Power of a Power: Calculating powers with negative exponents

To solve this problem, we'll apply the power of a power rule for exponents. The problem is to simplify the expression $\left(\left(8\times6\right)^{-7}\right)^{-8}$.

• Step 1: Understand the Power of a Power Rule

The power of a power rule states that $(a^m)^n = a^{m \times n}$.

• Step 2: Apply the Rule

Here, the base of the entire expression is $8 \times 6$, the first exponent is $-7$, and the second exponent is $-8$. According to the rule, we multiply the exponents:

$(8 \times 6)^{-7 \times -8}$

• Step 3: Simplify the Exponent Calculation

Calculate the multiplication of the exponents:

$-7 \times -8 = 56$

This results in the expression:

$(8 \times 6)^{56}$

Considering the given choices, carefully cross-check against our simplified expression:

• Choice 1: $\left(8\times6\right)^{-7-8}$ is incorrect - it uses addition instead of multiplication.

• Choice 2: $\left(8\times6\right)^{\frac{-8}{-7}}$ is incorrect - it uses division instead.

• Choice 3: $\left(8\times6\right)^{-7+8}$ is incorrect - it uses addition as well.

• Choice 4: $\left(8\times6\right)^{-7\times-8}$ is our correct transformation before final simplification.

After calculating, the expression $\left(8\times6\right)^{-7\times-8} = (8 \times 6)^{56}$. The corresponding expression reflects Choice 4 before final simplification.

To solve this problem, we'll follow these steps:

• Step 1: Identify the expression given and simplify the base.
• Step 2: Apply the Power of a Power Rule for exponents.
• Step 3: Match the result with the provided answer choices.

Let's work through each step:

Step 1: The problem gives us the expression $\left(\left(2\times4\right)^{-2}\right)^4$. First, simplify the base: $2 \times 4$ equals 8, so the expression becomes $\left(8^{-2}\right)^4$.

Step 2: Apply the Power of a Power Rule, which states: $(a^m)^n = a^{m \times n}$. Here, $a = 8$, $m = -2$, and $n = 4$. Calculate $m \times n = -2 \times 4 = -8$.

Therefore, $\left(8^{-2}\right)^4$ simplifies to $8^{-8}$, which can be expressed back in terms of the original base $(2 \times 4)$. So we write it as $\left(2 \times 4\right)^{-8}$.

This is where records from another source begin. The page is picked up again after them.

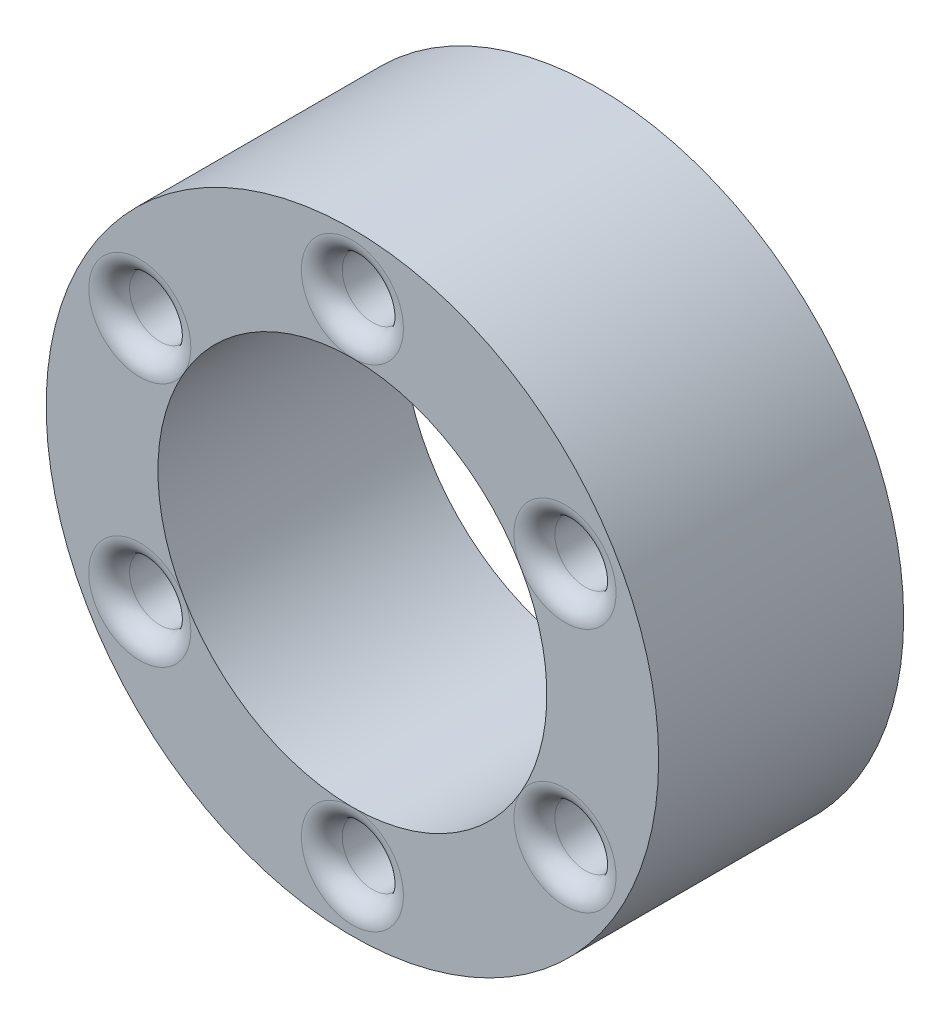
ISO-10303-21;
HEADER;
FILE_DESCRIPTION(('STEP AP214'),'2;1');
FILE_NAME('part.step','',(''),(''),'','','');
FILE_SCHEMA(('AUTOMOTIVE_DESIGN { 1 0 10303 214 1 1 1 1 }'));
ENDSEC;
DATA;
#1=APPLICATION_CONTEXT('core data for automotive mechanical design processes');
#2=APPLICATION_PROTOCOL_DEFINITION('international standard','automotive_design',2000,#1);
#3=PRODUCT_CONTEXT('',#1,'mechanical');
#4=PRODUCT('Part','Part','',(#3));
#5=PRODUCT_RELATED_PRODUCT_CATEGORY('part','',(#4));
#6=PRODUCT_DEFINITION_FORMATION('','',#4);
#7=PRODUCT_DEFINITION_CONTEXT('part definition',#1,'design');
#8=PRODUCT_DEFINITION('design','',#6,#7);
#9=PRODUCT_DEFINITION_SHAPE('','',#8);
#10=(LENGTH_UNIT() NAMED_UNIT(*) SI_UNIT(.MILLI.,.METRE.));
#11=(NAMED_UNIT(*) PLANE_ANGLE_UNIT() SI_UNIT($,.RADIAN.));
#12=(NAMED_UNIT(*) SI_UNIT($,.STERADIAN.) SOLID_ANGLE_UNIT());
#13=UNCERTAINTY_MEASURE_WITH_UNIT(LENGTH_MEASURE(1.E-05),#10,'distance_accuracy_value','');
#14=(GEOMETRIC_REPRESENTATION_CONTEXT(3) GLOBAL_UNCERTAINTY_ASSIGNED_CONTEXT((#13)) GLOBAL_UNIT_ASSIGNED_CONTEXT((#10,
#11,#12)) REPRESENTATION_CONTEXT('',''));
#15=CARTESIAN_POINT('',(0.,0.,0.));
#16=DIRECTION('',(0.,0.,1.));
#17=DIRECTION('',(1.,0.,0.));
#18=AXIS2_PLACEMENT_3D('',#15,#16,#17);
#19=CARTESIAN_POINT('',(0.,0.,3.));
#20=DIRECTION('',(0.,0.,1.));
#21=DIRECTION('',(1.,0.,0.));
#22=AXIS2_PLACEMENT_3D('',#19,#20,#21);
#23=PLANE('',#22);
#24=CARTESIAN_POINT('',(0.,0.,3.));
#25=DIRECTION('',(0.,0.,1.));
#26=DIRECTION('',(1.,0.,0.));
#27=AXIS2_PLACEMENT_3D('',#24,#25,#26);
#28=CIRCLE('',#27,3.75);
#29=CARTESIAN_POINT('',(3.75,0.,3.));
#30=VERTEX_POINT('',#29);
#31=EDGE_CURVE('E253',#30,#30,#28,.T.);
#32=ORIENTED_EDGE('',*,*,#31,.T.);
#33=EDGE_LOOP('',(#32));
#34=FACE_BOUND('',#33,.T.);
#35=CARTESIAN_POINT('',(0.,0.,3.));
#36=DIRECTION('',(0.,0.,1.));
#37=DIRECTION('',(1.,0.,0.));
#38=AXIS2_PLACEMENT_3D('',#35,#36,#37);
#39=CIRCLE('',#38,2.38125);
#40=CARTESIAN_POINT('',(-2.06222299276169,-1.190625,3.));
#41=VERTEX_POINT('',#40);
#42=CARTESIAN_POINT('',(0.,-2.38125,3.));
#43=VERTEX_POINT('',#42);
#44=EDGE_CURVE('E274',#41,#43,#39,.T.);
#45=ORIENTED_EDGE('',*,*,#44,.F.);
#46=CARTESIAN_POINT('',(-2.60348887012697,-1.503125,3.));
#47=DIRECTION('',(0.,0.,1.));
#48=DIRECTION('',(1.,0.,0.));
#49=AXIS2_PLACEMENT_3D('',#46,#47,#48);
#50=CIRCLE('',#49,0.625);
#51=EDGE_CURVE('E121',#41,#41,#50,.F.);
#52=ORIENTED_EDGE('',*,*,#51,.T.);
#53=CARTESIAN_POINT('',(-2.0622229927617,1.190625,3.));
#54=VERTEX_POINT('',#53);
#55=EDGE_CURVE('E270',#54,#41,#39,.T.);
#56=ORIENTED_EDGE('',*,*,#55,.F.);
#57=CARTESIAN_POINT('',(-2.60348887012697,1.503125,3.));
#58=DIRECTION('',(0.,0.,1.));
#59=DIRECTION('',(1.,0.,0.));
#60=AXIS2_PLACEMENT_3D('',#57,#58,#59);
#61=CIRCLE('',#60,0.625);
#62=EDGE_CURVE('E110',#54,#54,#61,.F.);
#63=ORIENTED_EDGE('',*,*,#62,.T.);
#64=CARTESIAN_POINT('',(0.,2.38125,3.));
#65=VERTEX_POINT('',#64);
#66=EDGE_CURVE('E266',#65,#54,#39,.T.);
#67=ORIENTED_EDGE('',*,*,#66,.F.);
#68=CARTESIAN_POINT('',(0.,3.00625,3.));
#69=DIRECTION('',(0.,0.,1.));
#70=DIRECTION('',(1.,0.,0.));
#71=AXIS2_PLACEMENT_3D('',#68,#69,#70);
#72=CIRCLE('',#71,0.625);
#73=EDGE_CURVE('E113',#65,#65,#72,.F.);
#74=ORIENTED_EDGE('',*,*,#73,.T.);
#75=CARTESIAN_POINT('',(2.06222299276169,1.190625,3.));
#76=VERTEX_POINT('',#75);
#77=EDGE_CURVE('E258',#76,#65,#39,.T.);
#78=ORIENTED_EDGE('',*,*,#77,.F.);
#79=CARTESIAN_POINT('',(2.60348887012697,1.503125,3.));
#80=DIRECTION('',(0.,0.,1.));
#81=DIRECTION('',(1.,0.,0.));
#82=AXIS2_PLACEMENT_3D('',#79,#80,#81);
#83=CIRCLE('',#82,0.625);
#84=EDGE_CURVE('E116',#76,#76,#83,.F.);
#85=ORIENTED_EDGE('',*,*,#84,.T.);
#86=CARTESIAN_POINT('',(2.0622229927617,-1.190625,3.));
#87=VERTEX_POINT('',#86);
#88=EDGE_CURVE('E262',#87,#76,#39,.T.);
#89=ORIENTED_EDGE('',*,*,#88,.F.);
#90=CARTESIAN_POINT('',(2.60348887012697,-1.503125,3.));
#91=DIRECTION('',(0.,0.,1.));
#92=DIRECTION('',(1.,0.,0.));
#93=AXIS2_PLACEMENT_3D('',#90,#91,#92);
#94=CIRCLE('',#93,0.625);
#95=EDGE_CURVE('E46',#87,#87,#94,.F.);
#96=ORIENTED_EDGE('',*,*,#95,.T.);
#97=EDGE_CURVE('E271',#43,#87,#39,.T.);
#98=ORIENTED_EDGE('',*,*,#97,.F.);
#99=CARTESIAN_POINT('',(0.,-3.00625,3.));
#100=DIRECTION('',(0.,0.,1.));
#101=DIRECTION('',(1.,0.,0.));
#102=AXIS2_PLACEMENT_3D('',#99,#100,#101);
#103=CIRCLE('',#102,0.625);
#104=EDGE_CURVE('E51',#43,#43,#103,.F.);
#105=ORIENTED_EDGE('',*,*,#104,.T.);
#106=EDGE_LOOP('',(#45,#52,#56,#63,#67,#74,#78,#85,#89,#96,#98,#105));
#107=FACE_BOUND('',#106,.T.);
#108=ADVANCED_FACE('F33',(#34,#107),#23,.T.);
#109=CARTESIAN_POINT('',(0.,0.,0.));
#110=DIRECTION('',(0.,0.,1.));
#111=DIRECTION('',(1.,0.,0.));
#112=AXIS2_PLACEMENT_3D('',#109,#110,#111);
#113=PLANE('',#112);
#114=CARTESIAN_POINT('',(0.,0.,0.));
#115=DIRECTION('',(0.,0.,1.));
#116=DIRECTION('',(1.,0.,0.));
#117=AXIS2_PLACEMENT_3D('',#114,#115,#116);
#118=CIRCLE('',#117,3.75);
#119=CARTESIAN_POINT('',(3.75,0.,0.));
#120=VERTEX_POINT('',#119);
#121=EDGE_CURVE('E254',#120,#120,#118,.T.);
#122=ORIENTED_EDGE('',*,*,#121,.F.);
#123=EDGE_LOOP('',(#122));
#124=FACE_BOUND('',#123,.T.);
#125=CARTESIAN_POINT('',(0.,0.,0.));
#126=DIRECTION('',(0.,0.,1.));
#127=DIRECTION('',(1.,0.,0.));
#128=AXIS2_PLACEMENT_3D('',#125,#126,#127);
#129=CIRCLE('',#128,2.38125);
#130=CARTESIAN_POINT('',(-2.0622229927617,1.190625,0.));
#131=VERTEX_POINT('',#130);
#132=CARTESIAN_POINT('',(-2.06222299276169,-1.190625,0.));
#133=VERTEX_POINT('',#132);
#134=EDGE_CURVE('E294',#131,#133,#129,.T.);
#135=ORIENTED_EDGE('',*,*,#134,.T.);
#136=CARTESIAN_POINT('',(-2.60348887012697,-1.503125,0.));
#137=DIRECTION('',(0.,0.,1.));
#138=DIRECTION('',(1.,0.,0.));
#139=AXIS2_PLACEMENT_3D('',#136,#137,#138);
#140=CIRCLE('',#139,0.625);
#141=EDGE_CURVE('E101',#133,#133,#140,.T.);
#142=ORIENTED_EDGE('',*,*,#141,.T.);
#143=CARTESIAN_POINT('',(0.,-2.38125,0.));
#144=VERTEX_POINT('',#143);
#145=EDGE_CURVE('E295',#133,#144,#129,.T.);
#146=ORIENTED_EDGE('',*,*,#145,.T.);
#147=CARTESIAN_POINT('',(0.,-3.00625,0.));
#148=DIRECTION('',(0.,0.,1.));
#149=DIRECTION('',(1.,0.,0.));
#150=AXIS2_PLACEMENT_3D('',#147,#148,#149);
#151=CIRCLE('',#150,0.625);
#152=EDGE_CURVE('E92',#144,#144,#151,.T.);
#153=ORIENTED_EDGE('',*,*,#152,.T.);
#154=CARTESIAN_POINT('',(2.0622229927617,-1.190625,0.));
#155=VERTEX_POINT('',#154);
#156=EDGE_CURVE('E297',#144,#155,#129,.T.);
#157=ORIENTED_EDGE('',*,*,#156,.T.);
#158=CARTESIAN_POINT('',(2.60348887012697,-1.503125,0.));
#159=DIRECTION('',(0.,0.,1.));
#160=DIRECTION('',(1.,0.,0.));
#161=AXIS2_PLACEMENT_3D('',#158,#159,#160);
#162=CIRCLE('',#161,0.625);
#163=EDGE_CURVE('E88',#155,#155,#162,.T.);
#164=ORIENTED_EDGE('',*,*,#163,.T.);
#165=CARTESIAN_POINT('',(2.06222299276169,1.190625,0.));
#166=VERTEX_POINT('',#165);
#167=EDGE_CURVE('E264',#155,#166,#129,.T.);
#168=ORIENTED_EDGE('',*,*,#167,.T.);
#169=CARTESIAN_POINT('',(2.60348887012697,1.503125,0.));
#170=DIRECTION('',(0.,0.,1.));
#171=DIRECTION('',(1.,0.,0.));
#172=AXIS2_PLACEMENT_3D('',#169,#170,#171);
#173=CIRCLE('',#172,0.625);
#174=EDGE_CURVE('E83',#166,#166,#173,.T.);
#175=ORIENTED_EDGE('',*,*,#174,.T.);
#176=CARTESIAN_POINT('',(0.,2.38125,0.));
#177=VERTEX_POINT('',#176);
#178=EDGE_CURVE('E260',#166,#177,#129,.T.);
#179=ORIENTED_EDGE('',*,*,#178,.T.);
#180=CARTESIAN_POINT('',(0.,3.00625,0.));
#181=DIRECTION('',(0.,0.,1.));
#182=DIRECTION('',(1.,0.,0.));
#183=AXIS2_PLACEMENT_3D('',#180,#181,#182);
#184=CIRCLE('',#183,0.625);
#185=EDGE_CURVE('E89',#177,#177,#184,.T.);
#186=ORIENTED_EDGE('',*,*,#185,.T.);
#187=EDGE_CURVE('E263',#177,#131,#129,.T.);
#188=ORIENTED_EDGE('',*,*,#187,.T.);
#189=CARTESIAN_POINT('',(-2.60348887012697,1.503125,0.));
#190=DIRECTION('',(0.,0.,1.));
#191=DIRECTION('',(1.,0.,0.));
#192=AXIS2_PLACEMENT_3D('',#189,#190,#191);
#193=CIRCLE('',#192,0.625);
#194=EDGE_CURVE('E95',#131,#131,#193,.T.);
#195=ORIENTED_EDGE('',*,*,#194,.T.);
#196=EDGE_LOOP('',(#135,#142,#146,#153,#157,#164,#168,#175,#179,#186,#188,#195));
#197=FACE_BOUND('',#196,.T.);
#198=ADVANCED_FACE('F161',(#124,#197),#113,.F.);
#199=CARTESIAN_POINT('',(0.,0.,3.));
#200=DIRECTION('',(0.,0.,-1.));
#201=DIRECTION('',(-1.,0.,0.));
#202=AXIS2_PLACEMENT_3D('',#199,#200,#201);
#203=CYLINDRICAL_SURFACE('',#202,3.75);
#204=ORIENTED_EDGE('',*,*,#31,.F.);
#205=EDGE_LOOP('',(#204));
#206=FACE_BOUND('',#205,.T.);
#207=ORIENTED_EDGE('',*,*,#121,.T.);
#208=EDGE_LOOP('',(#207));
#209=FACE_BOUND('',#208,.T.);
#210=ADVANCED_FACE('F167',(#206,#209),#203,.T.);
#211=CARTESIAN_POINT('',(0.,0.,3.));
#212=DIRECTION('',(0.,0.,-1.));
#213=DIRECTION('',(-1.,0.,0.));
#214=AXIS2_PLACEMENT_3D('',#211,#212,#213);
#215=CYLINDRICAL_SURFACE('',#214,2.38125);
#216=ORIENTED_EDGE('',*,*,#77,.T.);
#217=ORIENTED_EDGE('',*,*,#66,.T.);
#218=ORIENTED_EDGE('',*,*,#55,.T.);
#219=ORIENTED_EDGE('',*,*,#44,.T.);
#220=ORIENTED_EDGE('',*,*,#97,.T.);
#221=ORIENTED_EDGE('',*,*,#88,.T.);
#222=EDGE_LOOP('',(#216,#217,#218,#219,#220,#221));
#223=FACE_BOUND('',#222,.T.);
#224=ORIENTED_EDGE('',*,*,#178,.F.);
#225=ORIENTED_EDGE('',*,*,#167,.F.);
#226=ORIENTED_EDGE('',*,*,#156,.F.);
#227=ORIENTED_EDGE('',*,*,#145,.F.);
#228=ORIENTED_EDGE('',*,*,#134,.F.);
#229=ORIENTED_EDGE('',*,*,#187,.F.);
#230=EDGE_LOOP('',(#224,#225,#226,#227,#228,#229));
#231=FACE_BOUND('',#230,.T.);
#232=ADVANCED_FACE('F173',(#223,#231),#215,.F.);
#233=CARTESIAN_POINT('',(0.,3.00625,3.));
#234=DIRECTION('',(0.,0.,-1.));
#235=DIRECTION('',(-1.,0.,0.));
#236=AXIS2_PLACEMENT_3D('',#233,#234,#235);
#237=CYLINDRICAL_SURFACE('',#236,0.375);
#238=CARTESIAN_POINT('',(0.,3.00625,0.25));
#239=DIRECTION('',(0.,0.,1.));
#240=DIRECTION('',(1.,0.,0.));
#241=AXIS2_PLACEMENT_3D('',#238,#239,#240);
#242=CIRCLE('',#241,0.375);
#243=CARTESIAN_POINT('',(0.375,3.00625,0.25));
#244=VERTEX_POINT('',#243);
#245=EDGE_CURVE('E145',#244,#244,#242,.F.);
#246=ORIENTED_EDGE('',*,*,#245,.T.);
#247=EDGE_LOOP('',(#246));
#248=FACE_BOUND('',#247,.T.);
#249=CARTESIAN_POINT('',(0.,3.00625,2.75));
#250=DIRECTION('',(0.,0.,1.));
#251=DIRECTION('',(1.,0.,0.));
#252=AXIS2_PLACEMENT_3D('',#249,#250,#251);
#253=CIRCLE('',#252,0.375);
#254=CARTESIAN_POINT('',(0.375,3.00625,2.75));
#255=VERTEX_POINT('',#254);
#256=EDGE_CURVE('E142',#255,#255,#253,.T.);
#257=ORIENTED_EDGE('',*,*,#256,.T.);
#258=EDGE_LOOP('',(#257));
#259=FACE_BOUND('',#258,.T.);
#260=ADVANCED_FACE('F219',(#248,#259),#237,.F.);
#261=CARTESIAN_POINT('',(0.,-3.00625,3.));
#262=DIRECTION('',(0.,0.,-1.));
#263=DIRECTION('',(-1.,0.,0.));
#264=AXIS2_PLACEMENT_3D('',#261,#262,#263);
#265=CYLINDRICAL_SURFACE('',#264,0.375);
#266=CARTESIAN_POINT('',(0.,-3.00625,0.25));
#267=DIRECTION('',(0.,0.,1.));
#268=DIRECTION('',(1.,0.,0.));
#269=AXIS2_PLACEMENT_3D('',#266,#267,#268);
#270=CIRCLE('',#269,0.375);
#271=CARTESIAN_POINT('',(0.375,-3.00625,0.25));
#272=VERTEX_POINT('',#271);
#273=EDGE_CURVE('E127',#272,#272,#270,.F.);
#274=ORIENTED_EDGE('',*,*,#273,.T.);
#275=EDGE_LOOP('',(#274));
#276=FACE_BOUND('',#275,.T.);
#277=CARTESIAN_POINT('',(0.,-3.00625,2.75));
#278=DIRECTION('',(0.,0.,1.));
#279=DIRECTION('',(1.,0.,0.));
#280=AXIS2_PLACEMENT_3D('',#277,#278,#279);
#281=CIRCLE('',#280,0.375);
#282=CARTESIAN_POINT('',(0.375,-3.00625,2.75));
#283=VERTEX_POINT('',#282);
#284=EDGE_CURVE('E124',#283,#283,#281,.T.);
#285=ORIENTED_EDGE('',*,*,#284,.T.);
#286=EDGE_LOOP('',(#285));
#287=FACE_BOUND('',#286,.T.);
#288=ADVANCED_FACE('F221',(#276,#287),#265,.F.);
#289=CARTESIAN_POINT('',(2.60348887012697,1.503125,3.));
#290=DIRECTION('',(0.,0.,-1.));
#291=DIRECTION('',(-1.,0.,0.));
#292=AXIS2_PLACEMENT_3D('',#289,#290,#291);
#293=CYLINDRICAL_SURFACE('',#292,0.375);
#294=CARTESIAN_POINT('',(2.60348887012697,1.503125,0.25));
#295=DIRECTION('',(0.,0.,1.));
#296=DIRECTION('',(1.,0.,0.));
#297=AXIS2_PLACEMENT_3D('',#294,#295,#296);
#298=CIRCLE('',#297,0.375);
#299=CARTESIAN_POINT('',(2.97848887012697,1.503125,0.25));
#300=VERTEX_POINT('',#299);
#301=EDGE_CURVE('E139',#300,#300,#298,.F.);
#302=ORIENTED_EDGE('',*,*,#301,.T.);
#303=EDGE_LOOP('',(#302));
#304=FACE_BOUND('',#303,.T.);
#305=CARTESIAN_POINT('',(2.60348887012697,1.503125,2.75));
#306=DIRECTION('',(0.,0.,1.));
#307=DIRECTION('',(1.,0.,0.));
#308=AXIS2_PLACEMENT_3D('',#305,#306,#307);
#309=CIRCLE('',#308,0.375);
#310=CARTESIAN_POINT('',(2.97848887012697,1.503125,2.75));
#311=VERTEX_POINT('',#310);
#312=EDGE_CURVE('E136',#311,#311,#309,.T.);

Step 3: Check the given choices:

• Choice 1: $\left(2\times4\right)^{-2+4}$ represents an exponent of 2; incorrect.
• Choice 2: $\left(2\times4\right)^{\frac{4}{-2}}$ simplifies to -2; incorrect.
• Choice 3: $\left(2\times4\right)^{-2-4}$ simplifies to -6; incorrect.
• Choice 4: $\left(2\times4\right)^{-2\times4} = \left(2\times4\right)^{-8}$; correct.

Thus, the correct choice is Choice 4: $\left(2\times4\right)^{-2\times4}$.

To simplify the expression $\left(\left(3\times5\right)^{-3}\right)^{-6}$, we apply exponent rules, specifically the power of a power rule.

Here's a step-by-step solution:

• Step 1: Identify the structure of the expression: we have an outer exponent $-6$ and an inner exponent $-3$ applied to the base $(3 \times 5)$.

• Step 2: Apply the power of a power rule, which states $(a^m)^n = a^{m \cdot n}$. This combines the exponents being multiplied.

• Step 3: Calculate the multiplication of the exponents: $-3 \times -6$. This yields $18$ since multiplying two negative numbers results in a positive number.

• Step 4: Substitute back into the expression: $\left(3 \times 5\right)^{18}$.

Thus, the transformation of the original expression results in the new expression:

$\left(3\times5\right)^{-3\times-6}$

Comparing with the provided choices, we see:

• Choice 1: $\left(3\times5\right)^{-3\times-6}$ - This matches our solution.

• Choices 2, 3, and 4 do not match the derived steps based on multiplying exponents.

Thus, the correct answer is choice 1: $\left(3\times5\right)^{-3\times-6}$.

To solve this problem, we'll simplify the expression $\left(\left(6\times2\right)^4\right)^{-5}$ using exponent rules.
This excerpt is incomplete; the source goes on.